Kevin Wolthausen

Current position
- Team: Dallas Renegades

Biographical details
- Born: December 27, 1957 (age 68) Santa Barbara, California, U.S.

Playing career
- 1978–1979: Humboldt State
- Position: Linebacker

Coaching career (HC unless noted)
- 1980: Cal State Northridge (SA)
- 1981–1982: Humboldt State (assistant)
- 1983–1984: Arizona (GA)
- 1985: Arizona (OLB)
- 1986: Arizona (DL)
- 1987–1992: USC (DL)
- 1993–1994: Oklahoma (DL)
- 1995–2000: Arizona State (DL)
- 2002: Arizona Rattlers (FB/LB)
- 2002: Eastern Michigan (OLB)
- 2003: Louisville (LB)
- 2004–2005: Louisville (DL)
- 2006: Louisville (co-DC/DL)
- 2007: Atlanta Falcons (DL)
- 2009–2011: Las Vegas Locomotives (DL)
- 2012: Purdue (DL)
- 2013: FIU (ST)
- 2014–2015: UConn (DL/RC)
- 2016: UConn (ST/LB)
- 2017: Purdue (QC)
- 2018: Purdue (DL)
- 2019: Purdue (STC/DL)
- 2020–2023: San Diego State (DA)
- 2024: East Tennessee State (co-DC/LB)
- 2026–present: Dallas Renegades (LB)

Accomplishments and honors

Championships
- 2 UFL (2009, 2010)

= Kevin Wolthausen =

American football player and coach (born 1957)

Kevin Wolthausen (born December 27, 1957) is an American football coach and former linebacker.

==Coaching career==
Wolthausen was hired as the defensive line coach for the Purdue Boilermakers football team on February 8, 2012. Wolthausen was relieved of his duties the following season, when head coach Danny Hope was fired.

Wolthausen was named the FIU Panthers Special teams coach on February 4, 2013.

On January 7, 2014, Wolthausen was named the defensive line coach and recruiting coordinator for the Connecticut Huskies football team under new head coach Bob Diaco.

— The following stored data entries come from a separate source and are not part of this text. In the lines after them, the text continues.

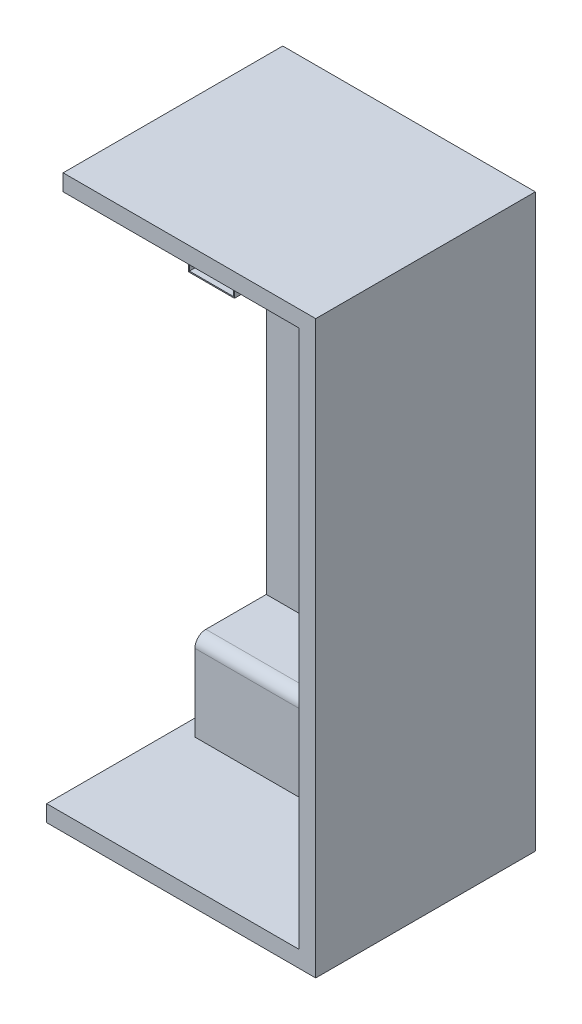
ISO-10303-21;
HEADER;
FILE_DESCRIPTION(('STEP AP214'),'2;1');
FILE_NAME('part.step','',(''),(''),'','','');
FILE_SCHEMA(('AUTOMOTIVE_DESIGN { 1 0 10303 214 1 1 1 1 }'));
ENDSEC;
DATA;
#1=APPLICATION_CONTEXT('core data for automotive mechanical design processes');
#2=APPLICATION_PROTOCOL_DEFINITION('international standard','automotive_design',2000,#1);
#3=PRODUCT_CONTEXT('',#1,'mechanical');
#4=PRODUCT('Part','Part','',(#3));
#5=PRODUCT_RELATED_PRODUCT_CATEGORY('part','',(#4));
#6=PRODUCT_DEFINITION_FORMATION('','',#4);
#7=PRODUCT_DEFINITION_CONTEXT('part definition',#1,'design');
#8=PRODUCT_DEFINITION('design','',#6,#7);
#9=PRODUCT_DEFINITION_SHAPE('','',#8);
#10=(LENGTH_UNIT() NAMED_UNIT(*) SI_UNIT(.MILLI.,.METRE.));
#11=(NAMED_UNIT(*) PLANE_ANGLE_UNIT() SI_UNIT($,.RADIAN.));
#12=(NAMED_UNIT(*) SI_UNIT($,.STERADIAN.) SOLID_ANGLE_UNIT());
#13=UNCERTAINTY_MEASURE_WITH_UNIT(LENGTH_MEASURE(1.E-05),#10,'distance_accuracy_value','');
#14=(GEOMETRIC_REPRESENTATION_CONTEXT(3) GLOBAL_UNCERTAINTY_ASSIGNED_CONTEXT((#13)) GLOBAL_UNIT_ASSIGNED_CONTEXT((#10,
#11,#12)) REPRESENTATION_CONTEXT('',''));
#15=CARTESIAN_POINT('',(0.,0.,0.));
#16=DIRECTION('',(0.,0.,1.));
#17=DIRECTION('',(1.,0.,0.));
#18=AXIS2_PLACEMENT_3D('',#15,#16,#17);
#19=CARTESIAN_POINT('',(-57.,492.,300.));
#20=DIRECTION('',(1.,0.,0.));
#21=DIRECTION('',(0.,1.,0.));
#22=AXIS2_PLACEMENT_3D('',#19,#20,#21);
#23=PLANE('',#22);
#24=DIRECTION('',(0.,-1.,0.));
#25=VECTOR('',#24,1.);
#26=CARTESIAN_POINT('',(-57.,408.,100.));
#27=LINE('',#26,#25);
#28=CARTESIAN_POINT('',(-57.,490.,100.));
#29=VERTEX_POINT('',#28);
#30=CARTESIAN_POINT('',(-57.,408.,100.));
#31=VERTEX_POINT('',#30);
#32=EDGE_CURVE('E173',#29,#31,#27,.T.);
#33=ORIENTED_EDGE('',*,*,#32,.T.);
#34=DIRECTION('',(0.,0.,-1.));
#35=VECTOR('',#34,1.);
#36=CARTESIAN_POINT('',(-57.,408.,300.));
#37=LINE('',#36,#35);
#38=CARTESIAN_POINT('',(-57.,408.,300.));
#39=VERTEX_POINT('',#38);
#40=EDGE_CURVE('E184',#39,#31,#37,.T.);
#41=ORIENTED_EDGE('',*,*,#40,.F.);
#42=DIRECTION('',(0.,-1.,0.));
#43=VECTOR('',#42,1.);
#44=CARTESIAN_POINT('',(-57.,492.,300.));
#45=LINE('',#44,#43);
#46=CARTESIAN_POINT('',(-57.,490.,300.));
#47=VERTEX_POINT('',#46);
#48=EDGE_CURVE('E348',#47,#39,#45,.T.);
#49=ORIENTED_EDGE('',*,*,#48,.F.);
#50=DIRECTION('',(0.,0.,1.));
#51=VECTOR('',#50,1.);
#52=CARTESIAN_POINT('',(-57.,490.,370.));
#53=LINE('',#52,#51);
#54=EDGE_CURVE('E47',#29,#47,#53,.T.);
#55=ORIENTED_EDGE('',*,*,#54,.F.);
#56=EDGE_LOOP('',(#33,#41,#49,#55));
#57=FACE_BOUND('',#56,.T.);
#58=ADVANCED_FACE('F32',(#57),#23,.F.);
#59=CARTESIAN_POINT('',(-57.,408.,300.));
#60=DIRECTION('',(0.,1.,0.));
#61=DIRECTION('',(0.,0.,1.));
#62=AXIS2_PLACEMENT_3D('',#59,#60,#61);
#63=PLANE('',#62);
#64=DIRECTION('',(1.,0.,0.));
#65=VECTOR('',#64,1.);
#66=CARTESIAN_POINT('',(-57.,408.,100.));
#67=LINE('',#66,#65);
#68=CARTESIAN_POINT('',(27.,408.,100.));
#69=VERTEX_POINT('',#68);
#70=EDGE_CURVE('E170',#31,#69,#67,.T.);
#71=ORIENTED_EDGE('',*,*,#70,.T.);
#72=DIRECTION('',(0.,0.,-1.));
#73=VECTOR('',#72,1.);
#74=CARTESIAN_POINT('',(27.,408.,300.));
#75=LINE('',#74,#73);
#76=CARTESIAN_POINT('',(27.,408.,300.));
#77=VERTEX_POINT('',#76);
#78=EDGE_CURVE('E190',#77,#69,#75,.T.);
#79=ORIENTED_EDGE('',*,*,#78,.F.);
#80=DIRECTION('',(1.,0.,0.));
#81=VECTOR('',#80,1.);
#82=CARTESIAN_POINT('',(-57.,408.,300.));
#83=LINE('',#82,#81);
#84=EDGE_CURVE('E188',#39,#77,#83,.T.);
#85=ORIENTED_EDGE('',*,*,#84,.F.);
#86=ORIENTED_EDGE('',*,*,#40,.T.);
#87=EDGE_LOOP('',(#71,#79,#85,#86));
#88=FACE_BOUND('',#87,.T.);
#89=ADVANCED_FACE('F187',(#88),#63,.F.);
#90=CARTESIAN_POINT('',(27.,492.,300.));
#91=DIRECTION('',(-1.,0.,0.));
#92=DIRECTION('',(0.,-1.,0.));
#93=AXIS2_PLACEMENT_3D('',#90,#91,#92);
#94=PLANE('',#93);
#95=DIRECTION('',(0.,1.,0.));
#96=VECTOR('',#95,1.);
#97=CARTESIAN_POINT('',(27.,408.,100.));
#98=LINE('',#97,#96);
#99=CARTESIAN_POINT('',(27.,490.,100.));
#100=VERTEX_POINT('',#99);
#101=EDGE_CURVE('E175',#69,#100,#98,.T.);
#102=ORIENTED_EDGE('',*,*,#101,.T.);
#103=DIRECTION('',(0.,0.,-1.));
#104=VECTOR('',#103,1.);
#105=CARTESIAN_POINT('',(27.,490.,370.));
#106=LINE('',#105,#104);
#107=CARTESIAN_POINT('',(27.,490.,300.));
#108=VERTEX_POINT('',#107);
#109=EDGE_CURVE('E317',#108,#100,#106,.T.);
#110=ORIENTED_EDGE('',*,*,#109,.F.);
#111=DIRECTION('',(0.,1.,0.));
#112=VECTOR('',#111,1.);
#113=CARTESIAN_POINT('',(27.,492.,300.));
#114=LINE('',#113,#112);
#115=EDGE_CURVE('E195',#77,#108,#114,.T.);
#116=ORIENTED_EDGE('',*,*,#115,.F.);
#117=ORIENTED_EDGE('',*,*,#78,.T.);
#118=EDGE_LOOP('',(#102,#110,#116,#117));
#119=FACE_BOUND('',#118,.T.);
#120=ADVANCED_FACE('F351',(#119),#94,.F.);
#121=CARTESIAN_POINT('',(-55.,490.,300.));
#122=DIRECTION('',(1.,0.,0.));
#123=DIRECTION('',(0.,1.,0.));
#124=AXIS2_PLACEMENT_3D('',#121,#122,#123);
#125=PLANE('',#124);
#126=DIRECTION('',(0.,0.,-1.));
#127=VECTOR('',#126,1.);
#128=CARTESIAN_POINT('',(-55.,410.,300.));
#129=LINE('',#128,#127);
#130=CARTESIAN_POINT('',(-55.,410.,300.));
#131=VERTEX_POINT('',#130);
#132=CARTESIAN_POINT('',(-55.,410.,100.));
#133=VERTEX_POINT('',#132);
#134=EDGE_CURVE('E345',#131,#133,#129,.T.);
#135=ORIENTED_EDGE('',*,*,#134,.T.);
#136=DIRECTION('',(0.,1.,0.));
#137=VECTOR('',#136,1.);
#138=CARTESIAN_POINT('',(-55.,490.,100.));
#139=LINE('',#138,#137);
#140=CARTESIAN_POINT('',(-55.,490.,100.));
#141=VERTEX_POINT('',#140);
#142=EDGE_CURVE('E359',#133,#141,#139,.T.);
#143=ORIENTED_EDGE('',*,*,#142,.T.);
#144=DIRECTION('',(0.,0.,-1.));
#145=VECTOR('',#144,1.);
#146=CARTESIAN_POINT('',(-55.,490.,300.));
#147=LINE('',#146,#145);
#148=CARTESIAN_POINT('',(-55.,490.,300.));
#149=VERTEX_POINT('',#148);
#150=EDGE_CURVE('E334',#149,#141,#147,.T.);
#151=ORIENTED_EDGE('',*,*,#150,.F.);
#152=DIRECTION('',(0.,-1.,0.));
#153=VECTOR('',#152,1.);
#154=CARTESIAN_POINT('',(-55.,490.,300.));
#155=LINE('',#154,#153);
#156=EDGE_CURVE('E339',#149,#131,#155,.T.);
#157=ORIENTED_EDGE('',*,*,#156,.T.);
#158=EDGE_LOOP('',(#135,#143,#151,#157));
#159=FACE_BOUND('',#158,.T.);
#160=ADVANCED_FACE('F368',(#159),#125,.T.);
#161=CARTESIAN_POINT('',(-55.,410.,300.));
#162=DIRECTION('',(0.,1.,0.));
#163=DIRECTION('',(0.,0.,1.));
#164=AXIS2_PLACEMENT_3D('',#161,#162,#163);
#165=PLANE('',#164);
#166=DIRECTION('',(0.,0.,-1.));
#167=VECTOR('',#166,1.);
#168=CARTESIAN_POINT('',(25.,410.,300.));
#169=LINE('',#168,#167);
#170=CARTESIAN_POINT('',(25.,410.,300.));
#171=VERTEX_POINT('',#170);
#172=CARTESIAN_POINT('',(25.,410.,100.));
#173=VERTEX_POINT('',#172);
#174=EDGE_CURVE('E333',#171,#173,#169,.T.);
#175=ORIENTED_EDGE('',*,*,#174,.T.);
#176=DIRECTION('',(-1.,0.,0.));
#177=VECTOR('',#176,1.);
#178=CARTESIAN_POINT('',(-55.,410.,100.));
#179=LINE('',#178,#177);
#180=EDGE_CURVE('E355',#173,#133,#179,.T.);
#181=ORIENTED_EDGE('',*,*,#180,.T.);
#182=ORIENTED_EDGE('',*,*,#134,.F.);
#183=DIRECTION('',(1.,0.,0.));
#184=VECTOR('',#183,1.);
#185=CARTESIAN_POINT('',(-55.,410.,300.));
#186=LINE('',#185,#184);
#187=EDGE_CURVE('E335',#131,#171,#186,.T.);
#188=ORIENTED_EDGE('',*,*,#187,.T.);
#189=EDGE_LOOP('',(#175,#181,#182,#188));
#190=FACE_BOUND('',#189,.T.);
#191=ADVANCED_FACE('F370',(#190),#165,.T.);
#192=CARTESIAN_POINT('',(25.,490.,300.));
#193=DIRECTION('',(-1.,0.,0.));
#194=DIRECTION('',(0.,-1.,0.));
#195=AXIS2_PLACEMENT_3D('',#192,#193,#194);
#196=PLANE('',#195);
#197=DIRECTION('',(0.,0.,-1.));
#198=VECTOR('',#197,1.);
#199=CARTESIAN_POINT('',(25.,490.,300.));
#200=LINE('',#199,#198);
#201=CARTESIAN_POINT('',(25.,490.,300.));
#202=VERTEX_POINT('',#201);
#203=CARTESIAN_POINT('',(25.,490.,100.));
#204=VERTEX_POINT('',#203);
#205=EDGE_CURVE('E331',#202,#204,#200,.T.);
#206=ORIENTED_EDGE('',*,*,#205,.T.);
#207=DIRECTION('',(0.,-1.,0.));
#208=VECTOR('',#207,1.);
#209=CARTESIAN_POINT('',(25.,490.,100.));
#210=LINE('',#209,#208);
#211=EDGE_CURVE('E11',#204,#173,#210,.T.);
#212=ORIENTED_EDGE('',*,*,#211,.T.);
#213=ORIENTED_EDGE('',*,*,#174,.F.);
#214=DIRECTION('',(0.,1.,0.));
#215=VECTOR('',#214,1.);
#216=CARTESIAN_POINT('',(25.,490.,300.));
#217=LINE('',#216,#215);
#218=EDGE_CURVE('E325',#171,#202,#217,.T.);
#219=ORIENTED_EDGE('',*,*,#218,.T.);
#220=EDGE_LOOP('',(#206,#212,#213,#219));
#221=FACE_BOUND('',#220,.T.);
#222=ADVANCED_FACE('F330',(#221),#196,.T.);
#223=CARTESIAN_POINT('',(215.,-490.,370.));
#224=DIRECTION('',(-1.,0.,0.));
#225=DIRECTION('',(0.,0.,1.));
#226=AXIS2_PLACEMENT_3D('',#223,#224,#225);
#227=PLANE('',#226);
#228=CARTESIAN_POINT('',(215.,-80.,160.000000000004));
#229=DIRECTION('',(-1.,0.,0.));
#230=DIRECTION('',(0.,0.,1.));
#231=AXIS2_PLACEMENT_3D('',#228,#229,#230);
#232=CIRCLE('',#231,2.99999999999999);
#233=CARTESIAN_POINT('',(215.,-80.,163.000000000004));
#234=VERTEX_POINT('',#233);
#235=EDGE_CURVE('E200',#234,#234,#232,.T.);
#236=ORIENTED_EDGE('',*,*,#235,.F.);
#237=EDGE_LOOP('',(#236));
#238=FACE_BOUND('',#237,.T.);
#239=CARTESIAN_POINT('',(215.,160.,160.000000000001));
#240=DIRECTION('',(-1.,0.,0.));
#241=DIRECTION('',(0.,0.,1.));
#242=AXIS2_PLACEMENT_3D('',#239,#240,#241);
#243=CIRCLE('',#242,2.99999999999999);
#244=CARTESIAN_POINT('',(215.,160.,163.000000000001));
#245=VERTEX_POINT('',#244);
#246=EDGE_CURVE('E211',#245,#245,#243,.T.);
#247=ORIENTED_EDGE('',*,*,#246,.F.);
#248=EDGE_LOOP('',(#247));
#249=FACE_BOUND('',#248,.T.);
#250=DIRECTION('',(0.,1.,0.));
#251=VECTOR('',#250,1.);
#252=CARTESIAN_POINT('',(215.,-490.,0.));
#253=LINE('',#252,#251);
#254=CARTESIAN_POINT('',(215.,-330.,0.));
#255=VERTEX_POINT('',#254);
#256=CARTESIAN_POINT('',(215.,490.,0.));
#257=VERTEX_POINT('',#256);
#258=EDGE_CURVE('E268',#255,#257,#253,.T.);
#259=ORIENTED_EDGE('',*,*,#258,.F.);
#260=DIRECTION('',(0.,0.,-1.));
#261=VECTOR('',#260,1.);
#262=CARTESIAN_POINT('',(215.,-330.,130.));
#263=LINE('',#262,#261);
#264=CARTESIAN_POINT('',(215.,-330.,110.));
#265=VERTEX_POINT('',#264);
#266=EDGE_CURVE('E255',#265,#255,#263,.T.);
#267=ORIENTED_EDGE('',*,*,#266,.F.);
#268=CARTESIAN_POINT('',(215.,-350.,110.));
#269=DIRECTION('',(-1.,0.,0.));
#270=DIRECTION('',(0.,0.,1.));
#271=AXIS2_PLACEMENT_3D('',#268,#269,#270);
#272=CIRCLE('',#271,20.);
#273=CARTESIAN_POINT('',(215.,-350.,130.));
#274=VERTEX_POINT('',#273);
#275=EDGE_CURVE('E315',#265,#274,#272,.F.);
#276=ORIENTED_EDGE('',*,*,#275,.T.);
#277=DIRECTION('',(0.,1.,0.));
#278=VECTOR('',#277,1.);
#279=CARTESIAN_POINT('',(215.,-490.,130.));
#280=LINE('',#279,#278);
#281=CARTESIAN_POINT('',(215.,-490.,130.));
#282=VERTEX_POINT('',#281);
#283=EDGE_CURVE('E248',#282,#274,#280,.T.);
#284=ORIENTED_EDGE('',*,*,#283,.F.);
#285=DIRECTION('',(0.,0.,-1.));
#286=VECTOR('',#285,1.);
#287=CARTESIAN_POINT('',(215.,-490.,370.));
#288=LINE('',#287,#286);
#289=CARTESIAN_POINT('',(215.,-490.,370.));
#290=VERTEX_POINT('',#289);
#291=EDGE_CURVE('E277',#290,#282,#288,.T.);
#292=ORIENTED_EDGE('',*,*,#291,.F.);
#293=DIRECTION('',(0.,1.,0.));
#294=VECTOR('',#293,1.);
#295=CARTESIAN_POINT('',(215.,-490.,370.));
#296=LINE('',#295,#294);
#297=CARTESIAN_POINT('',(215.,490.,370.));
#298=VERTEX_POINT('',#297);
#299=EDGE_CURVE('E269',#290,#298,#296,.T.);
#300=ORIENTED_EDGE('',*,*,#299,.T.);
#301=DIRECTION('',(0.,0.,-1.));
#302=VECTOR('',#301,1.);
#303=CARTESIAN_POINT('',(215.,490.,370.));
#304=LINE('',#303,#302);
#305=EDGE_CURVE('E288',#298,#257,#304,.T.);
#306=ORIENTED_EDGE('',*,*,#305,.T.);
#307=EDGE_LOOP('',(#259,#267,#276,#284,#292,#300,#306));
#308=FACE_BOUND('',#307,.T.);
#309=CARTESIAN_POINT('',(215.,280.,160.));
#310=DIRECTION('',(-1.,0.,0.));
#311=DIRECTION('',(0.,0.,1.));
#312=AXIS2_PLACEMENT_3D('',#309,#310,#311);
#313=CIRCLE('',#312,2.99999999999999);
#314=CARTESIAN_POINT('',(215.,280.,163.));
#315=VERTEX_POINT('',#314);
#316=EDGE_CURVE('E217',#315,#315,#313,.T.);
#317=ORIENTED_EDGE('',*,*,#316,.F.);
#318=EDGE_LOOP('',(#317));
#319=FACE_BOUND('',#318,.T.);
#320=CARTESIAN_POINT('',(215.,40.,160.000000000003));
#321=DIRECTION('',(-1.,0.,0.));
#322=DIRECTION('',(0.,0.,1.));
#323=AXIS2_PLACEMENT_3D('',#320,#321,#322);
#324=CIRCLE('',#323,2.99999999999999);
#325=CARTESIAN_POINT('',(215.,40.,163.000000000003));
#326=VERTEX_POINT('',#325);
#327=EDGE_CURVE('E205',#326,#326,#324,.T.);
#328=ORIENTED_EDGE('',*,*,#327,.F.);
#329=EDGE_LOOP('',(#328));
#330=FACE_BOUND('',#329,.T.);
#331=CARTESIAN_POINT('',(215.,-200.,160.000000000005));
#332=DIRECTION('',(-1.,0.,0.));
#333=DIRECTION('',(0.,0.,1.));
#334=AXIS2_PLACEMENT_3D('',#331,#332,#333);
#335=CIRCLE('',#334,2.99999999999999);
#336=CARTESIAN_POINT('',(215.,-200.,163.000000000005));
#337=VERTEX_POINT('',#336);
#338=EDGE_CURVE('E189',#337,#337,#335,.T.);
#339=ORIENTED_EDGE('',*,*,#338,.F.);
#340=EDGE_LOOP('',(#339));
#341=FACE_BOUND('',#340,.T.);
#342=ADVANCED_FACE('F407',(#238,#249,#308,#319,#330,#341),#227,.T.);
#343=CARTESIAN_POINT('',(-215.,-490.,370.));
#344=DIRECTION('',(0.,1.,0.));
#345=DIRECTION('',(0.,0.,1.));
#346=AXIS2_PLACEMENT_3D('',#343,#344,#345);
#347=PLANE('',#346);
#348=ORIENTED_EDGE('',*,*,#291,.T.);
#349=DIRECTION('',(1.,0.,0.));
#350=VECTOR('',#349,1.);
#351=CARTESIAN_POINT('',(-215.,-490.,130.));
#352=LINE('',#351,#350);
#353=CARTESIAN_POINT('',(-215.,-490.,130.));
#354=VERTEX_POINT('',#353);
#355=EDGE_CURVE('E245',#354,#282,#352,.T.);
#356=ORIENTED_EDGE('',*,*,#355,.F.);
#357=DIRECTION('',(0.,0.,1.));
#358=VECTOR('',#357,1.);
#359=CARTESIAN_POINT('',(-215.,-490.,-1040.44544632553));
#360=LINE('',#359,#358);
#361=CARTESIAN_POINT('',(-215.,-490.,-30.));
#362=VERTEX_POINT('',#361);
#363=EDGE_CURVE('E230',#362,#354,#360,.T.);
#364=ORIENTED_EDGE('',*,*,#363,.F.);
#365=DIRECTION('',(1.,0.,0.));
#366=VECTOR('',#365,1.);
#367=CARTESIAN_POINT('',(-245.,-490.,-30.));
#368=LINE('',#367,#366);
#369=CARTESIAN_POINT('',(-245.,-490.,-30.));
#370=VERTEX_POINT('',#369);
#371=EDGE_CURVE('E227',#370,#362,#368,.T.);
#372=ORIENTED_EDGE('',*,*,#371,.F.);
#373=DIRECTION('',(0.,0.,1.));
#374=VECTOR('',#373,1.);
#375=CARTESIAN_POINT('',(-245.,-490.,-1040.44544632553));
#376=LINE('',#375,#374);
#377=CARTESIAN_POINT('',(-245.,-490.,370.));
#378=VERTEX_POINT('',#377);
#379=EDGE_CURVE('E237',#370,#378,#376,.T.);
#380=ORIENTED_EDGE('',*,*,#379,.T.);
#381=DIRECTION('',(1.,0.,0.));
#382=VECTOR('',#381,1.);
#383=CARTESIAN_POINT('',(-215.,-490.,370.));
#384=LINE('',#383,#382);
#385=EDGE_CURVE('E275',#378,#290,#384,.T.);
#386=ORIENTED_EDGE('',*,*,#385,.T.);
#387=EDGE_LOOP('',(#348,#356,#364,#372,#380,#386));
#388=FACE_BOUND('',#387,.T.);
#389=ADVANCED_FACE('F397',(#388),#347,.T.);
#390=CARTESIAN_POINT('',(0.,0.,0.));
#391=DIRECTION('',(0.,0.,-1.));
#392=DIRECTION('',(-1.,0.,0.));
#393=AXIS2_PLACEMENT_3D('',#390,#391,#392);
#394=PLANE('',#393);
#395=DIRECTION('',(-1.,0.,0.));
#396=VECTOR('',#395,1.);
#397=CARTESIAN_POINT('',(-215.,490.,0.));
#398=LINE('',#397,#396);
#399=CARTESIAN_POINT('',(-215.,490.,0.));
#400=VERTEX_POINT('',#399);
#401=EDGE_CURVE('E279',#257,#400,#398,.T.);
#402=ORIENTED_EDGE('',*,*,#401,.T.);
#403=DIRECTION('',(0.,-1.,0.));
#404=VECTOR('',#403,1.);
#405=CARTESIAN_POINT('',(-215.,-490.,0.));
#406=LINE('',#405,#404);
#407=CARTESIAN_POINT('',(-215.,-330.,0.));
#408=VERTEX_POINT('',#407);
#409=EDGE_CURVE('E272',#400,#408,#406,.T.);
#410=ORIENTED_EDGE('',*,*,#409,.T.);
#411=DIRECTION('',(-1.,0.,0.));
#412=VECTOR('',#411,1.);
#413=CARTESIAN_POINT('',(-215.,-330.,0.));
#414=LINE('',#413,#412);
#415=EDGE_CURVE('E241',#255,#408,#414,.T.);
#416=ORIENTED_EDGE('',*,*,#415,.F.);
#417=ORIENTED_EDGE('',*,*,#258,.T.);
#418=EDGE_LOOP('',(#402,#410,#416,#417));
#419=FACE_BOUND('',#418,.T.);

Wolthausen was shifted to linebackers and special teams coach in 2016.

On June 2, 2017, Wolthausen returned to Purdue as a quality control coach for new head coach Jeff Brohm.

In 2024, Wolthausen was named co-defensive coordinator and linebackers coach for East Tennessee State.